Remix.run Logo
motorest 10 days ago

> As the hardware continues to iterate at a rapid pace, anything you pick up second-hand will still deprecate at that pace, making any real investment in hardware unjustifiable.

Can you explain your rationale? It seems that the worst case scenario is that your setup might not be the most performant ever, but it will still work and run models just as it always did.
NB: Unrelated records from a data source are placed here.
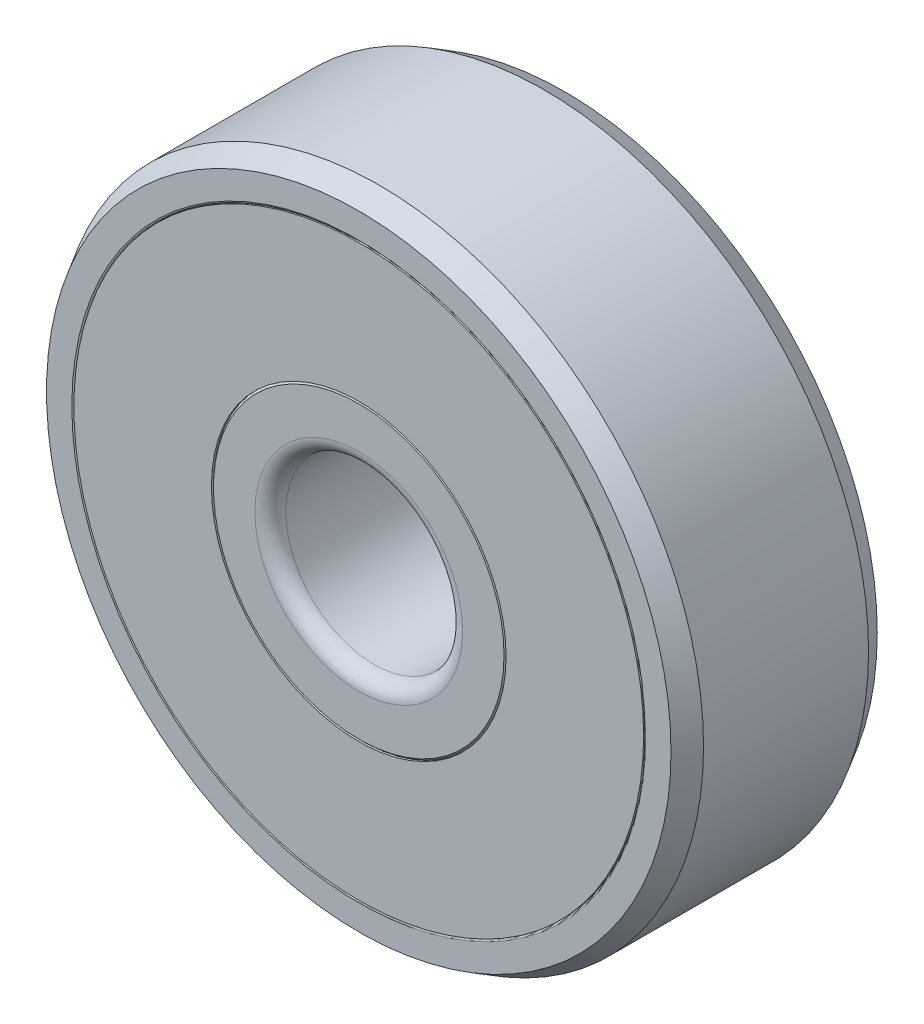
ISO-10303-21;
HEADER;
FILE_DESCRIPTION(('STEP AP214'),'2;1');
FILE_NAME('part.step','',(''),(''),'','','');
FILE_SCHEMA(('AUTOMOTIVE_DESIGN { 1 0 10303 214 1 1 1 1 }'));
ENDSEC;
DATA;
#1=APPLICATION_CONTEXT('core data for automotive mechanical design processes');
#2=APPLICATION_PROTOCOL_DEFINITION('international standard','automotive_design',2000,#1);
#3=PRODUCT_CONTEXT('',#1,'mechanical');
#4=PRODUCT('Part','Part','',(#3));
#5=PRODUCT_RELATED_PRODUCT_CATEGORY('part','',(#4));
#6=PRODUCT_DEFINITION_FORMATION('','',#4);
#7=PRODUCT_DEFINITION_CONTEXT('part definition',#1,'design');
#8=PRODUCT_DEFINITION('design','',#6,#7);
#9=PRODUCT_DEFINITION_SHAPE('','',#8);
#10=(LENGTH_UNIT() NAMED_UNIT(*) SI_UNIT(.MILLI.,.METRE.));
#11=(NAMED_UNIT(*) PLANE_ANGLE_UNIT() SI_UNIT($,.RADIAN.));
#12=(NAMED_UNIT(*) SI_UNIT($,.STERADIAN.) SOLID_ANGLE_UNIT());
#13=UNCERTAINTY_MEASURE_WITH_UNIT(LENGTH_MEASURE(1.E-05),#10,'distance_accuracy_value','');
#14=(GEOMETRIC_REPRESENTATION_CONTEXT(3) GLOBAL_UNCERTAINTY_ASSIGNED_CONTEXT((#13)) GLOBAL_UNIT_ASSIGNED_CONTEXT((#10,
#11,#12)) REPRESENTATION_CONTEXT('',''));
#15=CARTESIAN_POINT('',(0.,0.,0.));
#16=DIRECTION('',(0.,0.,1.));
#17=DIRECTION('',(1.,0.,0.));
#18=AXIS2_PLACEMENT_3D('',#15,#16,#17);
#19=CARTESIAN_POINT('',(5.73343087143216,-4.57225854696412,0.));
#20=DIRECTION('',(-0.781831482468022,0.623489801858743,0.));
#21=DIRECTION('',(0.,0.,1.));
#22=AXIS2_PLACEMENT_3D('',#19,#20,#21);
#23=SPHERICAL_SURFACE('',#22,3.22222222222222);
#24=CARTESIAN_POINT('',(3.21419609459076,-2.56323585208594,0.));
#25=VERTEX_POINT('',#24);
#26=VERTEX_LOOP('',#25);
#27=FACE_BOUND('',#26,.T.);
#28=ADVANCED_FACE('F41',(#27),#23,.T.);
#29=CLOSED_SHELL('',(#28));
#30=MANIFOLD_SOLID_BREP('B2',#29);
#31=CARTESIAN_POINT('',(7.14947135600005,1.63182018234624,0.));
#32=DIRECTION('',(-0.974927912181826,-0.222520933956305,0.));
#33=DIRECTION('',(0.,0.,1.));
#34=AXIS2_PLACEMENT_3D('',#31,#32,#33);
#35=SPHERICAL_SURFACE('',#34,3.22222222222222);
#36=CARTESIAN_POINT('',(4.00803697230306,0.914808284042587,0.));
#37=VERTEX_POINT('',#36);
#38=VERTEX_LOOP('',#37);
#39=FACE_BOUND('',#38,.T.);
#40=ADVANCED_FACE('F61',(#39),#35,.T.);
#41=CLOSED_SHELL('',(#40));
#42=MANIFOLD_SOLID_BREP('B6',#41);
#43=CARTESIAN_POINT('',(3.18181408686214,6.60710503128438,0.));
#44=DIRECTION('',(-0.433883739117565,-0.900968867902416,0.));
#45=DIRECTION('',(0.,0.,1.));
#46=AXIS2_PLACEMENT_3D('',#43,#44,#45);
#47=SPHERICAL_SURFACE('',#46,3.22222222222222);
#48=CARTESIAN_POINT('',(1.78374426081666,3.70398312359882,0.));
#49=VERTEX_POINT('',#48);
#50=VERTEX_LOOP('',#49);
#51=FACE_BOUND('',#50,.T.);
#52=ADVANCED_FACE('F81',(#51),#47,.T.);
#53=CLOSED_SHELL('',(#52));
#54=MANIFOLD_SOLID_BREP('B37',#53);
#55=CARTESIAN_POINT('',(-3.18181408686205,6.60710503128443,0.));
#56=DIRECTION('',(0.433883739117553,-0.900968867902422,0.));
#57=DIRECTION('',(0.,0.,1.));
#58=AXIS2_PLACEMENT_3D('',#55,#56,#57);
#59=SPHERICAL_SURFACE('',#58,3.22222222222222);
#60=CARTESIAN_POINT('',(-1.7837442608166,3.70398312359884,0.));
#61=VERTEX_POINT('',#60);
#62=VERTEX_LOOP('',#61);
#63=FACE_BOUND('',#62,.T.);
#64=ADVANCED_FACE('F101',(#63),#59,.T.);
#65=CLOSED_SHELL('',(#64));
#66=MANIFOLD_SOLID_BREP('B57',#65);
#67=CARTESIAN_POINT('',(-7.14947135600003,1.63182018234633,0.));
#68=DIRECTION('',(0.974927912181823,-0.222520933956318,0.));
#69=DIRECTION('',(0.,0.,1.));
#70=AXIS2_PLACEMENT_3D('',#67,#68,#69);
#71=SPHERICAL_SURFACE('',#70,3.22222222222222);
#72=CARTESIAN_POINT('',(-4.00803697230305,0.914808284042641,0.));
#73=VERTEX_POINT('',#72);
#74=VERTEX_LOOP('',#73);
#75=FACE_BOUND('',#74,.T.);
#76=ADVANCED_FACE('F121',(#75),#71,.T.);
#77=CLOSED_SHELL('',(#76));
#78=MANIFOLD_SOLID_BREP('B77',#77);
#79=CARTESIAN_POINT('',(-5.73343087143223,-4.57225854696403,0.));
#80=DIRECTION('',(0.781831482468031,0.623489801858732,0.));
#81=DIRECTION('',(0.,0.,1.));
#82=AXIS2_PLACEMENT_3D('',#79,#80,#81);
#83=SPHERICAL_SURFACE('',#82,3.22222222222222);
#84=CARTESIAN_POINT('',(-3.21419609459079,-2.5632358520859,0.));
#85=VERTEX_POINT('',#84);
#86=VERTEX_LOOP('',#85);
#87=FACE_BOUND('',#86,.T.);
#88=ADVANCED_FACE('F141',(#87),#83,.T.);
#89=CLOSED_SHELL('',(#88));
#90=MANIFOLD_SOLID_BREP('B97',#89);
#91=CARTESIAN_POINT('',(0.,-7.33333333333333,0.));
#92=DIRECTION('',(0.,1.,0.));
#93=DIRECTION('',(0.,0.,1.));
#94=AXIS2_PLACEMENT_3D('',#91,#92,#93);
#95=SPHERICAL_SURFACE('',#94,3.22222222222222);
#96=CARTESIAN_POINT('',(0.,-4.11111111111111,0.));
#97=VERTEX_POINT('',#96);
#98=VERTEX_LOOP('',#97);
#99=FACE_BOUND('',#98,.T.);
#100=ADVANCED_FACE('F163',(#99),#95,.T.);
#101=CLOSED_SHELL('',(#100));
#102=MANIFOLD_SOLID_BREP('B117',#101);
#103=CARTESIAN_POINT('',(0.,-5.,3.5));
#104=DIRECTION('',(0.,0.,1.));
#105=DIRECTION('',(1.,0.,0.));
#106=AXIS2_PLACEMENT_3D('',#103,#104,#105);
#107=PLANE('',#106);
#108=CARTESIAN_POINT('',(0.,0.,3.5));
#109=DIRECTION('',(0.,0.,1.));
#110=DIRECTION('',(1.,0.,0.));
#111=AXIS2_PLACEMENT_3D('',#108,#109,#110);
#112=CIRCLE('',#111,9.66666666666667);
#113=CARTESIAN_POINT('',(9.66666666666667,0.,3.5));
#114=VERTEX_POINT('',#113);
#115=EDGE_CURVE('E162',#114,#114,#112,.T.);
#116=ORIENTED_EDGE('',*,*,#115,.T.);
#117=EDGE_LOOP('',(#116));
#118=FACE_BOUND('',#117,.T.);
#119=CARTESIAN_POINT('',(0.,0.,3.5));
#120=DIRECTION('',(0.,0.,1.));
#121=DIRECTION('',(1.,0.,0.));
#122=AXIS2_PLACEMENT_3D('',#119,#120,#121);
#123=CIRCLE('',#122,5.);
#124=CARTESIAN_POINT('',(5.,0.,3.5));
#125=VERTEX_POINT('',#124);
#126=EDGE_CURVE('E199',#125,#125,#123,.T.);
#127=ORIENTED_EDGE('',*,*,#126,.F.);
#128=EDGE_LOOP('',(#127));
#129=FACE_BOUND('',#128,.T.);
#130=ADVANCED_FACE('F185',(#118,#129),#107,.T.);
#131=CARTESIAN_POINT('',(0.,0.,3.5));
#132=DIRECTION('',(0.,0.,1.));
#133=DIRECTION('',(1.,0.,0.));
#134=AXIS2_PLACEMENT_3D('',#131,#132,#133);
#135=CYLINDRICAL_SURFACE('',#134,9.66666666666667);
#136=CARTESIAN_POINT('',(0.,0.,3.29166666666667));
#137=DIRECTION('',(0.,0.,1.));
#138=DIRECTION('',(1.,0.,0.));
#139=AXIS2_PLACEMENT_3D('',#136,#137,#138);
#140=CIRCLE('',#139,9.66666666666667);
#141=CARTESIAN_POINT('',(9.66666666666667,0.,3.29166666666667));
#142=VERTEX_POINT('',#141);
#143=EDGE_CURVE('E191',#142,#142,#140,.T.);
#144=ORIENTED_EDGE('',*,*,#143,.T.);
#145=EDGE_LOOP('',(#144));
#146=FACE_BOUND('',#145,.T.);
#147=ORIENTED_EDGE('',*,*,#115,.F.);
#148=EDGE_LOOP('',(#147));
#149=FACE_BOUND('',#148,.T.);
#150=ADVANCED_FACE('F209',(#146,#149),#135,.T.);
#151=CARTESIAN_POINT('',(0.,-5.,3.29166666666667));
#152=DIRECTION('',(0.,0.,-1.));
#153=DIRECTION('',(-1.,0.,0.));
#154=AXIS2_PLACEMENT_3D('',#151,#152,#153);
#155=PLANE('',#154);
#156=CARTESIAN_POINT('',(0.,0.,3.29166666666667));
#157=DIRECTION('',(0.,0.,1.));
#158=DIRECTION('',(1.,0.,0.));
#159=AXIS2_PLACEMENT_3D('',#156,#157,#158);
#160=CIRCLE('',#159,5.);
#161=CARTESIAN_POINT('',(5.,0.,3.29166666666667));
#162=VERTEX_POINT('',#161);
#163=EDGE_CURVE('E195',#162,#162,#160,.T.);
#164=ORIENTED_EDGE('',*,*,#163,.T.);
#165=EDGE_LOOP('',(#164));
#166=FACE_BOUND('',#165,.T.);
#167=ORIENTED_EDGE('',*,*,#143,.F.);
#168=EDGE_LOOP('',(#167));
#169=FACE_BOUND('',#168,.T.);
#170=ADVANCED_FACE('F213',(#166,#169),#155,.T.);
#171=CARTESIAN_POINT('',(0.,0.,3.5));
#172=DIRECTION('',(0.,0.,1.));
#173=DIRECTION('',(1.,0.,0.));
#174=AXIS2_PLACEMENT_3D('',#171,#172,#173);
#175=CYLINDRICAL_SURFACE('',#174,5.);
#176=ORIENTED_EDGE('',*,*,#126,.T.);
#177=EDGE_LOOP('',(#176));
#178=FACE_BOUND('',#177,.T.);
#179=ORIENTED_EDGE('',*,*,#163,.F.);
#180=EDGE_LOOP('',(#179));
#181=FACE_BOUND('',#180,.T.);
#182=ADVANCED_FACE('F205',(#178,#181),#175,.F.);
#183=CLOSED_SHELL('',(#130,#150,#170,#182));
#184=MANIFOLD_SOLID_BREP('B137',#183);
#185=CARTESIAN_POINT('',(0.,0.,2.975));
#186=DIRECTION('',(0.,0.,1.));
#187=DIRECTION('',(1.,0.,0.));
#188=AXIS2_PLACEMENT_3D('',#185,#186,#187);
#189=TOROIDAL_SURFACE('',#188,3.525,0.524999999999999);
#190=CARTESIAN_POINT('',(0.,0.,3.5));
#191=DIRECTION('',(0.,0.,1.));
#192=DIRECTION('',(1.,0.,0.));
#193=AXIS2_PLACEMENT_3D('',#190,#191,#192);
#194=CIRCLE('',#193,3.525);
#195=CARTESIAN_POINT('',(3.525,0.,3.5));
#196=VERTEX_POINT('',#195);
#197=EDGE_CURVE('E184',#196,#196,#194,.T.);
#198=ORIENTED_EDGE('',*,*,#197,.T.);
#199=EDGE_LOOP('',(#198));
#200=FACE_BOUND('',#199,.T.);
#201=CARTESIAN_POINT('',(0.,0.,2.975));
#202=DIRECTION('',(0.,0.,1.));
#203=DIRECTION('',(1.,0.,0.));
#204=AXIS2_PLACEMENT_3D('',#201,#202,#203);
#205=CIRCLE('',#204,3.);
#206=CARTESIAN_POINT('',(3.,0.,2.975));
#207=VERTEX_POINT('',#206);
#208=EDGE_CURVE('E295',#207,#207,#205,.T.);
#209=ORIENTED_EDGE('',*,*,#208,.F.);
#210=EDGE_LOOP('',(#209));
#211=FACE_BOUND('',#210,.T.);
#212=ADVANCED_FACE('F261',(#200,#211),#189,.T.);
#213=CARTESIAN_POINT('',(0.,-4.93,3.5));
#214=DIRECTION('',(0.,0.,1.));
#215=DIRECTION('',(1.,0.,0.));
#216=AXIS2_PLACEMENT_3D('',#213,#214,#215);
#217=PLANE('',#216);
#218=CARTESIAN_POINT('',(0.,0.,3.5));
#219=DIRECTION('',(0.,0.,1.));
#220=DIRECTION('',(1.,0.,0.));
#221=AXIS2_PLACEMENT_3D('',#218,#219,#220);
#222=CIRCLE('',#221,4.93);
#223=CARTESIAN_POINT('',(4.93,0.,3.5));
#224=VERTEX_POINT('',#223);
#225=EDGE_CURVE('E267',#224,#224,#222,.T.);
#226=ORIENTED_EDGE('',*,*,#225,.T.);
#227=EDGE_LOOP('',(#226));
#228=FACE_BOUND('',#227,.T.);
#229=ORIENTED_EDGE('',*,*,#197,.F.);
#230=EDGE_LOOP('',(#229));
#231=FACE_BOUND('',#230,.T.);
#232=ADVANCED_FACE('F303',(#228,#231),#217,.T.);
#233=CARTESIAN_POINT('',(0.,0.,3.5));
#234=DIRECTION('',(0.,0.,-1.));
#235=DIRECTION('',(-1.,0.,0.));
#236=AXIS2_PLACEMENT_3D('',#233,#234,#235);
#237=CONICAL_SURFACE('',#236,4.93,0.785398163397454);
#238=CARTESIAN_POINT('',(0.,0.,3.43));
#239=DIRECTION('',(0.,0.,1.));
#240=DIRECTION('',(1.,0.,0.));
#241=AXIS2_PLACEMENT_3D('',#238,#239,#240);
#242=CIRCLE('',#241,5.);
#243=CARTESIAN_POINT('',(5.,0.,3.43));
#244=VERTEX_POINT('',#243);
#245=EDGE_CURVE('E271',#244,#244,#242,.T.);
#246=ORIENTED_EDGE('',*,*,#245,.T.);
#247=EDGE_LOOP('',(#246));
#248=FACE_BOUND('',#247,.T.);
#249=ORIENTED_EDGE('',*,*,#225,.F.);
#250=EDGE_LOOP('',(#249));
#251=FACE_BOUND('',#250,.T.);
#252=ADVANCED_FACE('F307',(#248,#251),#237,.T.);
#253=CARTESIAN_POINT('',(0.,0.,3.5));
#254=DIRECTION('',(0.,0.,1.));
#255=DIRECTION('',(1.,0.,0.));
#256=AXIS2_PLACEMENT_3D('',#253,#254,#255);
#257=CYLINDRICAL_SURFACE('',#256,5.);
#258=CARTESIAN_POINT('',(0.,0.,2.22222222222222));
#259=DIRECTION('',(0.,0.,1.));
#260=DIRECTION('',(1.,0.,0.));
#261=AXIS2_PLACEMENT_3D('',#258,#259,#260);
#262=CIRCLE('',#261,5.);
#263=CARTESIAN_POINT('',(5.,0.,2.22222222222222));
#264=VERTEX_POINT('',#263);
#265=EDGE_CURVE('E275',#264,#264,#262,.T.);
#266=ORIENTED_EDGE('',*,*,#265,.T.);
#267=EDGE_LOOP('',(#266));
#268=FACE_BOUND('',#267,.T.);
#269=ORIENTED_EDGE('',*,*,#245,.F.);
#270=EDGE_LOOP('',(#269));
#271=FACE_BOUND('',#270,.T.);
#272=ADVANCED_FACE('F311',(#268,#271),#257,.T.);
#273=CARTESIAN_POINT('',(0.,0.,0.));
#274=DIRECTION('',(0.,0.,1.));
#275=DIRECTION('',(1.,0.,0.));
#276=AXIS2_PLACEMENT_3D('',#273,#274,#275);
#277=TOROIDAL_SURFACE('',#276,7.33333333333333,3.22222222222222);
#278=CARTESIAN_POINT('',(0.,0.,-2.22222222222222));
#279=DIRECTION('',(0.,0.,1.));
#280=DIRECTION('',(1.,0.,0.));
#281=AXIS2_PLACEMENT_3D('',#278,#279,#280);
#282=CIRCLE('',#281,5.);
#283=CARTESIAN_POINT('',(5.,0.,-2.22222222222222));
#284=VERTEX_POINT('',#283);
#285=EDGE_CURVE('E280',#284,#284,#282,.T.);
#286=ORIENTED_EDGE('',*,*,#285,.T.);
#287=EDGE_LOOP('',(#286));
#288=FACE_BOUND('',#287,.T.);
#289=ORIENTED_EDGE('',*,*,#265,.F.);
#290=EDGE_LOOP('',(#289));
#291=FACE_BOUND('',#290,.T.);
#292=ADVANCED_FACE('F318',(#288,#291),#277,.F.);
#293=CARTESIAN_POINT('',(0.,0.,3.5));
#294=DIRECTION('',(0.,0.,1.));
#295=DIRECTION('',(1.,0.,0.));
#296=AXIS2_PLACEMENT_3D('',#293,#294,#295);
#297=CYLINDRICAL_SURFACE('',#296,5.);
#298=CARTESIAN_POINT('',(0.,0.,-3.43));
#299=DIRECTION('',(0.,0.,1.));
#300=DIRECTION('',(1.,0.,0.));
#301=AXIS2_PLACEMENT_3D('',#298,#299,#300);
#302=CIRCLE('',#301,5.);
#303=CARTESIAN_POINT('',(5.,0.,-3.43));
#304=VERTEX_POINT('',#303);
#305=EDGE_CURVE('E283',#304,#304,#302,.T.);
#306=ORIENTED_EDGE('',*,*,#305,.T.);
#307=EDGE_LOOP('',(#306));
#308=FACE_BOUND('',#307,.T.);
#309=ORIENTED_EDGE('',*,*,#285,.F.);
#310=EDGE_LOOP('',(#309));
#311=FACE_BOUND('',#310,.T.);
#312=ADVANCED_FACE('F322',(#308,#311),#297,.T.);
#313=CARTESIAN_POINT('',(0.,0.,-3.43));
#314=DIRECTION('',(0.,0.,1.));
#315=DIRECTION('',(1.,0.,0.));
#316=AXIS2_PLACEMENT_3D('',#313,#314,#315);
#317=CONICAL_SURFACE('',#316,5.,0.785398163397454);
#318=CARTESIAN_POINT('',(0.,0.,-3.5));
#319=DIRECTION('',(0.,0.,1.));
#320=DIRECTION('',(1.,0.,0.));
#321=AXIS2_PLACEMENT_3D('',#318,#319,#320);
#322=CIRCLE('',#321,4.93);
#323=CARTESIAN_POINT('',(4.93,0.,-3.5));
#324=VERTEX_POINT('',#323);
#325=EDGE_CURVE('E286',#324,#324,#322,.T.);
#326=ORIENTED_EDGE('',*,*,#325,.T.);
#327=EDGE_LOOP('',(#326));
#328=FACE_BOUND('',#327,.T.);
#329=ORIENTED_EDGE('',*,*,#305,.F.);
#330=EDGE_LOOP('',(#329));
#331=FACE_BOUND('',#330,.T.);
#332=ADVANCED_FACE('F326',(#328,#331),#317,.T.);
#333=CARTESIAN_POINT('',(0.,-4.93,-3.5));
#334=DIRECTION('',(0.,0.,-1.));
#335=DIRECTION('',(-1.,0.,0.));
#336=AXIS2_PLACEMENT_3D('',#333,#334,#335);
#337=PLANE('',#336);
#338=CARTESIAN_POINT('',(0.,0.,-3.5));
#339=DIRECTION('',(0.,0.,1.));
#340=DIRECTION('',(1.,0.,0.));
#341=AXIS2_PLACEMENT_3D('',#338,#339,#340);
#342=CIRCLE('',#341,3.525);
#343=CARTESIAN_POINT('',(3.525,0.,-3.5));
#344=VERTEX_POINT('',#343);
#345=EDGE_CURVE('E289',#344,#344,#342,.T.);
#346=ORIENTED_EDGE('',*,*,#345,.T.);
#347=EDGE_LOOP('',(#346));
#348=FACE_BOUND('',#347,.T.);
#349=ORIENTED_EDGE('',*,*,#325,.F.);
#350=EDGE_LOOP('',(#349));
#351=FACE_BOUND('',#350,.T.);
#352=ADVANCED_FACE('F330',(#348,#351),#337,.T.);
#353=CARTESIAN_POINT('',(0.,0.,-2.975));
#354=DIRECTION('',(0.,0.,1.));
#355=DIRECTION('',(1.,0.,0.));
#356=AXIS2_PLACEMENT_3D('',#353,#354,#355);
#357=TOROIDAL_SURFACE('',#356,3.525,0.524999999999999);
#358=CARTESIAN_POINT('',(0.,0.,-2.975));
#359=DIRECTION('',(0.,0.,1.));
#360=DIRECTION('',(1.,0.,0.));
#361=AXIS2_PLACEMENT_3D('',#358,#359,#360);
#362=CIRCLE('',#361,3.);
#363=CARTESIAN_POINT('',(3.,0.,-2.975));
#364=VERTEX_POINT('',#363);
#365=EDGE_CURVE('E292',#364,#364,#362,.T.);
#366=ORIENTED_EDGE('',*,*,#365,.T.);
#367=EDGE_LOOP('',(#366));
#368=FACE_BOUND('',#367,.T.);
#369=ORIENTED_EDGE('',*,*,#345,.F.);
#370=EDGE_LOOP('',(#369));
#371=FACE_BOUND('',#370,.T.);
#372=ADVANCED_FACE('F334',(#368,#371),#357,.T.);
#373=CARTESIAN_POINT('',(0.,0.,3.5));
#374=DIRECTION('',(0.,0.,1.));
#375=DIRECTION('',(1.,0.,0.));
#376=AXIS2_PLACEMENT_3D('',#373,#374,#375);
#377=CYLINDRICAL_SURFACE('',#376,3.);
#378=ORIENTED_EDGE('',*,*,#208,.T.);
#379=EDGE_LOOP('',(#378));
#380=FACE_BOUND('',#379,.T.);
#381=ORIENTED_EDGE('',*,*,#365,.F.);
#382=EDGE_LOOP('',(#381));
#383=FACE_BOUND('',#382,.T.);
#384=ADVANCED_FACE('F299',(#380,#383),#377,.F.);
#385=CLOSED_SHELL('',(#212,#232,#252,#272,#292,#312,#332,#352,#372,#384));
#386=MANIFOLD_SOLID_BREP('B157',#385);
#387=CARTESIAN_POINT('',(0.,0.,3.5));
#388=DIRECTION('',(0.,0.,-1.));
#389=DIRECTION('',(-1.,0.,0.));
#390=AXIS2_PLACEMENT_3D('',#387,#388,#389);
#391=CONICAL_SURFACE('',#390,10.5958548115673,0.523598775598275);
#392=CARTESIAN_POINT('',(0.,0.,2.8));
#393=DIRECTION('',(0.,0.,1.));
#394=DIRECTION('',(1.,0.,0.));
#395=AXIS2_PLACEMENT_3D('',#392,#393,#394);
#396=CIRCLE('',#395,11.);
#397=CARTESIAN_POINT('',(11.,0.,2.8));
#398=VERTEX_POINT('',#397);
#399=EDGE_CURVE('E260',#398,#398,#396,.T.);
#400=ORIENTED_EDGE('',*,*,#399,.T.);
#401=EDGE_LOOP('',(#400));
#402=FACE_BOUND('',#401,.T.);
#403=CARTESIAN_POINT('',(0.,0.,3.5));
#404=DIRECTION('',(0.,0.,1.));
#405=DIRECTION('',(1.,0.,0.));
#406=AXIS2_PLACEMENT_3D('',#403,#404,#405);
#407=CIRCLE('',#406,10.5958548115673);
#408=CARTESIAN_POINT('',(10.5958548115673,0.,3.5));
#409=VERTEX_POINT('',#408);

This sounds like a classical and very basic opex vs capex tradeoff analysis, and these are renowned for showing that on financial terms cloud providers are a preferable option only in a very specific corner case: short-term investment to jump-start infrastructure when you do not know your scaling needs. This is not the case for LLMs.

OP seems to have invested around $600. This is around 3 months worth of an equivalent EC2 instance. Knowing this, can you support your rationale with numbers?

tcdent 10 days ago | parent [-]

When considering used hardware you have to take quantization into account; gpt-oss-120b for example is running a very new MXFP4 which will use far more than 80GB to fit into the available fp types on older hardware or Apple silicon.

Open models are trained on modern hardware and will continue to take advantage of cutting edge numeric types, and older hardware will continue to suffer worse performance and larger memory requirements.

motorest 10 days ago | parent [-]

You're using a lot of words to say "I believe yesterday's hardware might not run models as as fast as today's hardware."

That's fine. The point is that yesterday's hardware is quite capable of running yesterday's models, and obviously it will also run tomorrow's models.

So the question is cost. Capex vs opex. The fact is that buying your own hardware is proven to be far more cost-effective than paying cloud providers to rent some cycles.

I brought data to the discussion: for the price tag of OP's home lab, you only afford around 3 months worth of an equivalent EC2 instance. What's your counter argument?

kelnos 10 days ago | parent | next [-]

Not the GP, but my take on this:

You're right about the cost question, but I think the added dimension that people are worried about is the current pace of change.

To abuse the idiom a bit, yesterday's hardware should be able to run tomorrow's models, as you say, but it might not be able to run next month's models (acceptably or at all).

Fast-forward some number of years, as the pace slows. Then-yesterday's hardware might still be able to run next-next year's models acceptably, and someone might find that hardware to be a better, safer, longer-term investment.

I think of this similarly to how the pace of mobile phone development has changed over time. In 2010 it was somewhat reasonable to want to upgrade your smartphone every two years or so: every year the newer flagship models were actually significantly faster than the previous year, and you could tell that the new OS versions would run slower on your not-quite-new-anymore phone, and even some apps might not perform as well. But today in 2025? I expect to have my current phone for 6-7 years (as long as Google keeps releasing updates for it) before upgrading. LLM development over time may follow at least a superficially similar curve.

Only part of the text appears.